I’ve simplified my challenges yet again. I’m going to stick to them for the rest of the month. My point today is for not eating and reading/watching a screen.

I was 10st 9 3/4 on Friday. Hoping to be 10st 8 or less this Friday.

Fruit: Pear.

Breakfast: All bran. Tiny amount of honey.

Drinks: Coffees. Cappuccino. Tea. Elderflower cordial.

Lunch: 2 home-made hotdogs with mustard, tomato sauce, cheese and onions.

Snacks: Hazelnut yoghurt. Another yoghurt.

Comment 1: I’m going to read the Greek Doctors book for 15 minutes per week. I lack basic nutritional knowledge.

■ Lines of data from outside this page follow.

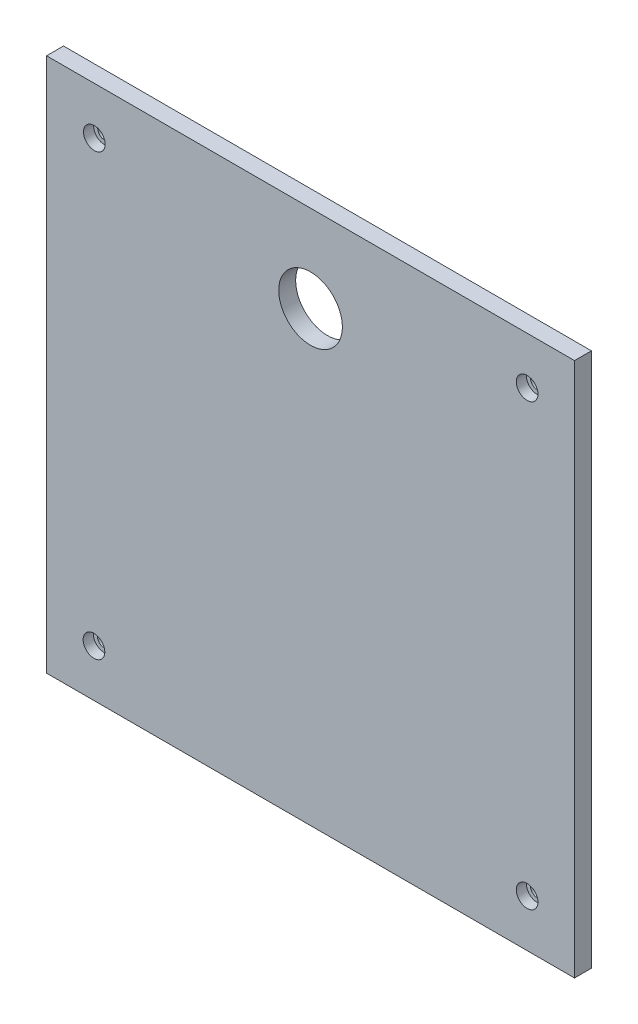
ISO-10303-21;
HEADER;
FILE_DESCRIPTION(('STEP AP214'),'2;1');
FILE_NAME('part.step','',(''),(''),'','','');
FILE_SCHEMA(('AUTOMOTIVE_DESIGN { 1 0 10303 214 1 1 1 1 }'));
ENDSEC;
DATA;
#1=APPLICATION_CONTEXT('core data for automotive mechanical design processes');
#2=APPLICATION_PROTOCOL_DEFINITION('international standard','automotive_design',2000,#1);
#3=PRODUCT_CONTEXT('',#1,'mechanical');
#4=PRODUCT('Part','Part','',(#3));
#5=PRODUCT_RELATED_PRODUCT_CATEGORY('part','',(#4));
#6=PRODUCT_DEFINITION_FORMATION('','',#4);
#7=PRODUCT_DEFINITION_CONTEXT('part definition',#1,'design');
#8=PRODUCT_DEFINITION('design','',#6,#7);
#9=PRODUCT_DEFINITION_SHAPE('','',#8);
#10=(LENGTH_UNIT() NAMED_UNIT(*) SI_UNIT(.MILLI.,.METRE.));
#11=(NAMED_UNIT(*) PLANE_ANGLE_UNIT() SI_UNIT($,.RADIAN.));
#12=(NAMED_UNIT(*) SI_UNIT($,.STERADIAN.) SOLID_ANGLE_UNIT());
#13=UNCERTAINTY_MEASURE_WITH_UNIT(LENGTH_MEASURE(1.E-05),#10,'distance_accuracy_value','');
#14=(GEOMETRIC_REPRESENTATION_CONTEXT(3) GLOBAL_UNCERTAINTY_ASSIGNED_CONTEXT((#13)) GLOBAL_UNIT_ASSIGNED_CONTEXT((#10,
#11,#12)) REPRESENTATION_CONTEXT('',''));
#15=CARTESIAN_POINT('',(0.,0.,0.));
#16=DIRECTION('',(0.,0.,1.));
#17=DIRECTION('',(1.,0.,0.));
#18=AXIS2_PLACEMENT_3D('',#15,#16,#17);
#19=CARTESIAN_POINT('',(-30.1797592776279,31.4921412955825,2.501));
#20=DIRECTION('',(0.,0.,-1.));
#21=DIRECTION('',(-1.,0.,0.));
#22=AXIS2_PLACEMENT_3D('',#19,#20,#21);
#23=CYLINDRICAL_SURFACE('',#22,1.00000254000508);
#24=CARTESIAN_POINT('',(-30.1797592776279,31.4921412955825,0.));
#25=DIRECTION('',(0.,0.,1.));
#26=DIRECTION('',(1.,0.,0.));
#27=AXIS2_PLACEMENT_3D('',#24,#25,#26);
#28=CIRCLE('',#27,1.00000254000508);
#29=CARTESIAN_POINT('',(-29.1797567376228,31.4921412955825,0.));
#30=VERTEX_POINT('',#29);
#31=EDGE_CURVE('E160',#30,#30,#28,.T.);
#32=ORIENTED_EDGE('',*,*,#31,.F.);
#33=EDGE_LOOP('',(#32));
#34=FACE_BOUND('',#33,.T.);
#35=CARTESIAN_POINT('',(-30.1797592776279,31.4921412955825,1.));
#36=DIRECTION('',(0.,0.,1.));
#37=DIRECTION('',(1.,0.,0.));
#38=AXIS2_PLACEMENT_3D('',#35,#36,#37);
#39=CIRCLE('',#38,1.00000254000508);
#40=CARTESIAN_POINT('',(-29.1797567376228,31.4921412955825,1.));
#41=VERTEX_POINT('',#40);
#42=EDGE_CURVE('E207',#41,#41,#39,.T.);
#43=ORIENTED_EDGE('',*,*,#42,.T.);
#44=EDGE_LOOP('',(#43));
#45=FACE_BOUND('',#44,.T.);
#46=ADVANCED_FACE('F33',(#34,#45),#23,.F.);
#47=CARTESIAN_POINT('',(-30.2361423103939,-33.5078485443972,2.501));
#48=DIRECTION('',(0.,0.,-1.));
#49=DIRECTION('',(-1.,0.,0.));
#50=AXIS2_PLACEMENT_3D('',#47,#48,#49);
#51=CYLINDRICAL_SURFACE('',#50,1.00000254000508);
#52=CARTESIAN_POINT('',(-30.2361423103939,-33.5078485443972,0.));
#53=DIRECTION('',(0.,0.,1.));
#54=DIRECTION('',(1.,0.,0.));
#55=AXIS2_PLACEMENT_3D('',#52,#53,#54);
#56=CIRCLE('',#55,1.00000254000508);
#57=CARTESIAN_POINT('',(-29.2361397703889,-33.5078485443972,0.));
#58=VERTEX_POINT('',#57);
#59=EDGE_CURVE('E157',#58,#58,#56,.T.);
#60=ORIENTED_EDGE('',*,*,#59,.F.);
#61=EDGE_LOOP('',(#60));
#62=FACE_BOUND('',#61,.T.);
#63=CARTESIAN_POINT('',(-30.2361423103939,-33.5078485443972,1.));
#64=DIRECTION('',(0.,0.,1.));
#65=DIRECTION('',(1.,0.,0.));
#66=AXIS2_PLACEMENT_3D('',#63,#64,#65);
#67=CIRCLE('',#66,1.00000254000508);
#68=CARTESIAN_POINT('',(-29.2361397703889,-33.5078485443972,1.));
#69=VERTEX_POINT('',#68);
#70=EDGE_CURVE('E204',#69,#69,#67,.T.);
#71=ORIENTED_EDGE('',*,*,#70,.T.);
#72=EDGE_LOOP('',(#71));
#73=FACE_BOUND('',#72,.T.);
#74=ADVANCED_FACE('F254',(#62,#73),#51,.F.);
#75=CARTESIAN_POINT('',(33.7639872298651,-33.5078485442372,2.501));
#76=DIRECTION('',(0.,0.,-1.));
#77=DIRECTION('',(-1.,0.,0.));
#78=AXIS2_PLACEMENT_3D('',#75,#76,#77);
#79=CYLINDRICAL_SURFACE('',#78,1.00000254000507);
#80=CARTESIAN_POINT('',(33.7639872298651,-33.5078485442372,0.));
#81=DIRECTION('',(0.,0.,1.));
#82=DIRECTION('',(1.,0.,0.));
#83=AXIS2_PLACEMENT_3D('',#80,#81,#82);
#84=CIRCLE('',#83,1.00000254000507);
#85=CARTESIAN_POINT('',(34.7639897698702,-33.5078485442372,0.));
#86=VERTEX_POINT('',#85);
#87=EDGE_CURVE('E161',#86,#86,#84,.T.);
#88=ORIENTED_EDGE('',*,*,#87,.F.);
#89=EDGE_LOOP('',(#88));
#90=FACE_BOUND('',#89,.T.);
#91=CARTESIAN_POINT('',(33.7639872298651,-33.5078485442372,1.));
#92=DIRECTION('',(0.,0.,1.));
#93=DIRECTION('',(1.,0.,0.));
#94=AXIS2_PLACEMENT_3D('',#91,#92,#93);
#95=CIRCLE('',#94,1.00000254000507);
#96=CARTESIAN_POINT('',(34.7639897698702,-33.5078485442372,1.));
#97=VERTEX_POINT('',#96);
#98=EDGE_CURVE('E201',#97,#97,#95,.T.);
#99=ORIENTED_EDGE('',*,*,#98,.T.);
#100=EDGE_LOOP('',(#99));
#101=FACE_BOUND('',#100,.T.);
#102=ADVANCED_FACE('F260',(#90,#101),#79,.F.);
#103=CARTESIAN_POINT('',(33.7639872298651,31.4922835360269,2.501));
#104=DIRECTION('',(0.,0.,-1.));
#105=DIRECTION('',(-1.,0.,0.));
#106=AXIS2_PLACEMENT_3D('',#103,#104,#105);
#107=CYLINDRICAL_SURFACE('',#106,1.00000254000507);
#108=CARTESIAN_POINT('',(33.7639872298651,31.4922835360269,0.));
#109=DIRECTION('',(0.,0.,1.));
#110=DIRECTION('',(1.,0.,0.));
#111=AXIS2_PLACEMENT_3D('',#108,#109,#110);
#112=CIRCLE('',#111,1.00000254000507);
#113=CARTESIAN_POINT('',(34.7639897698702,31.4922835360269,0.));
#114=VERTEX_POINT('',#113);
#115=EDGE_CURVE('E164',#114,#114,#112,.T.);
#116=ORIENTED_EDGE('',*,*,#115,.F.);
#117=EDGE_LOOP('',(#116));
#118=FACE_BOUND('',#117,.T.);
#119=CARTESIAN_POINT('',(33.7639872298651,31.4922835360269,1.));
#120=DIRECTION('',(0.,0.,1.));
#121=DIRECTION('',(1.,0.,0.));
#122=AXIS2_PLACEMENT_3D('',#119,#120,#121);
#123=CIRCLE('',#122,1.00000254000507);
#124=CARTESIAN_POINT('',(34.7639897698702,31.4922835360269,1.));
#125=VERTEX_POINT('',#124);
#126=EDGE_CURVE('E156',#125,#125,#123,.T.);
#127=ORIENTED_EDGE('',*,*,#126,.T.);
#128=EDGE_LOOP('',(#127));
#129=FACE_BOUND('',#128,.T.);
#130=ADVANCED_FACE('F317',(#118,#129),#107,.F.);
#131=CARTESIAN_POINT('',(-37.2360775402644,-40.5078587044175,2.5));
#132=DIRECTION('',(-1.,0.,0.));
#133=DIRECTION('',(0.,0.,1.));
#134=AXIS2_PLACEMENT_3D('',#131,#132,#133);
#135=PLANE('',#134);
#136=DIRECTION('',(0.,1.,0.));
#137=VECTOR('',#136,1.);
#138=CARTESIAN_POINT('',(-37.2360775402644,-40.5078587044175,0.));
#139=LINE('',#138,#137);
#140=CARTESIAN_POINT('',(-37.2360775402644,-40.5078587044175,0.));
#141=VERTEX_POINT('',#140);
#142=CARTESIAN_POINT('',(-37.2360775402644,38.4921412955825,0.));
#143=VERTEX_POINT('',#142);
#144=EDGE_CURVE('E175',#141,#143,#139,.T.);
#145=ORIENTED_EDGE('',*,*,#144,.F.);
#146=DIRECTION('',(0.,0.,-1.));
#147=VECTOR('',#146,1.);
#148=CARTESIAN_POINT('',(-37.2360775402644,-40.5078587044175,2.5));
#149=LINE('',#148,#147);
#150=CARTESIAN_POINT('',(-37.2360775402644,-40.5078587044175,2.5));
#151=VERTEX_POINT('',#150);
#152=EDGE_CURVE('E11',#151,#141,#149,.T.);
#153=ORIENTED_EDGE('',*,*,#152,.F.);
#154=DIRECTION('',(0.,1.,0.));
#155=VECTOR('',#154,1.);
#156=CARTESIAN_POINT('',(-37.2360775402644,-40.5078587044175,2.5));
#157=LINE('',#156,#155);
#158=CARTESIAN_POINT('',(-37.2360775402644,38.4921412955825,2.5));
#159=VERTEX_POINT('',#158);
#160=EDGE_CURVE('E176',#151,#159,#157,.T.);
#161=ORIENTED_EDGE('',*,*,#160,.T.);
#162=DIRECTION('',(0.,0.,-1.));
#163=VECTOR('',#162,1.);
#164=CARTESIAN_POINT('',(-37.2360775402644,38.4921412955825,2.5));
#165=LINE('',#164,#163);
#166=EDGE_CURVE('E82',#159,#143,#165,.T.);
#167=ORIENTED_EDGE('',*,*,#166,.T.);
#168=EDGE_LOOP('',(#145,#153,#161,#167));
#169=FACE_BOUND('',#168,.T.);
#170=ADVANCED_FACE('F35',(#169),#135,.T.);
#171=CARTESIAN_POINT('',(-37.2360775402644,-40.5078587044175,2.5));
#172=DIRECTION('',(0.,1.,0.));
#173=DIRECTION('',(0.,0.,1.));
#174=AXIS2_PLACEMENT_3D('',#171,#172,#173);
#175=PLANE('',#174);
#176=DIRECTION('',(1.,0.,0.));
#177=VECTOR('',#176,1.);
#178=CARTESIAN_POINT('',(-37.2360775402644,-40.5078587044175,0.));
#179=LINE('',#178,#177);
#180=CARTESIAN_POINT('',(40.7639224597356,-40.5078587044175,0.));
#181=VERTEX_POINT('',#180);
#182=EDGE_CURVE('E179',#141,#181,#179,.T.);
#183=ORIENTED_EDGE('',*,*,#182,.T.);
#184=DIRECTION('',(0.,0.,-1.));
#185=VECTOR('',#184,1.);
#186=CARTESIAN_POINT('',(40.7639224597356,-40.5078587044175,2.5));
#187=LINE('',#186,#185);
#188=CARTESIAN_POINT('',(40.7639224597356,-40.5078587044175,2.5));
#189=VERTEX_POINT('',#188);
#190=EDGE_CURVE('E42',#189,#181,#187,.T.);
#191=ORIENTED_EDGE('',*,*,#190,.F.);
#192=DIRECTION('',(1.,0.,0.));
#193=VECTOR('',#192,1.);
#194=CARTESIAN_POINT('',(-37.2360775402644,-40.5078587044175,2.5));
#195=LINE('',#194,#193);
#196=EDGE_CURVE('E183',#151,#189,#195,.T.);
#197=ORIENTED_EDGE('',*,*,#196,.F.);
#198=ORIENTED_EDGE('',*,*,#152,.T.);
#199=EDGE_LOOP('',(#183,#191,#197,#198));
#200=FACE_BOUND('',#199,.T.);
#201=ADVANCED_FACE('F242',(#200),#175,.F.);
#202=CARTESIAN_POINT('',(40.7639224597356,-40.5078587044175,2.5));
#203=DIRECTION('',(-1.,0.,0.));
#204=DIRECTION('',(0.,0.,1.));
#205=AXIS2_PLACEMENT_3D('',#202,#203,#204);
#206=PLANE('',#205);
#207=DIRECTION('',(0.,1.,0.));
#208=VECTOR('',#207,1.);
#209=CARTESIAN_POINT('',(40.7639224597356,-40.5078587044175,0.));
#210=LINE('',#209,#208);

Comment 2: I need to write down during the day what I eat ready for blogging in the evening just in case I forget.

Easier Challenge (4 points)

I’ve made my challenges for this month easier.

Breakfast: Porridge with salt, seeds and honey.

Lunch: Tongue mayo brown sandwich.

Snack: Mint.

Fruit: Pear.

Drinks: Coffee. Teas.

Dinner: Steak with peppercorn sauce, kale and new potatoes. Seconds.

Comment 1: Need to get back to not eating in front of a screen or a book. (If I eat just listening to the radio, I always leave a little. I never leave any if I’ve been reading.)

Comment 2: I need to practise knots and view the belaying video as hopefully going climbing again next Tuesday.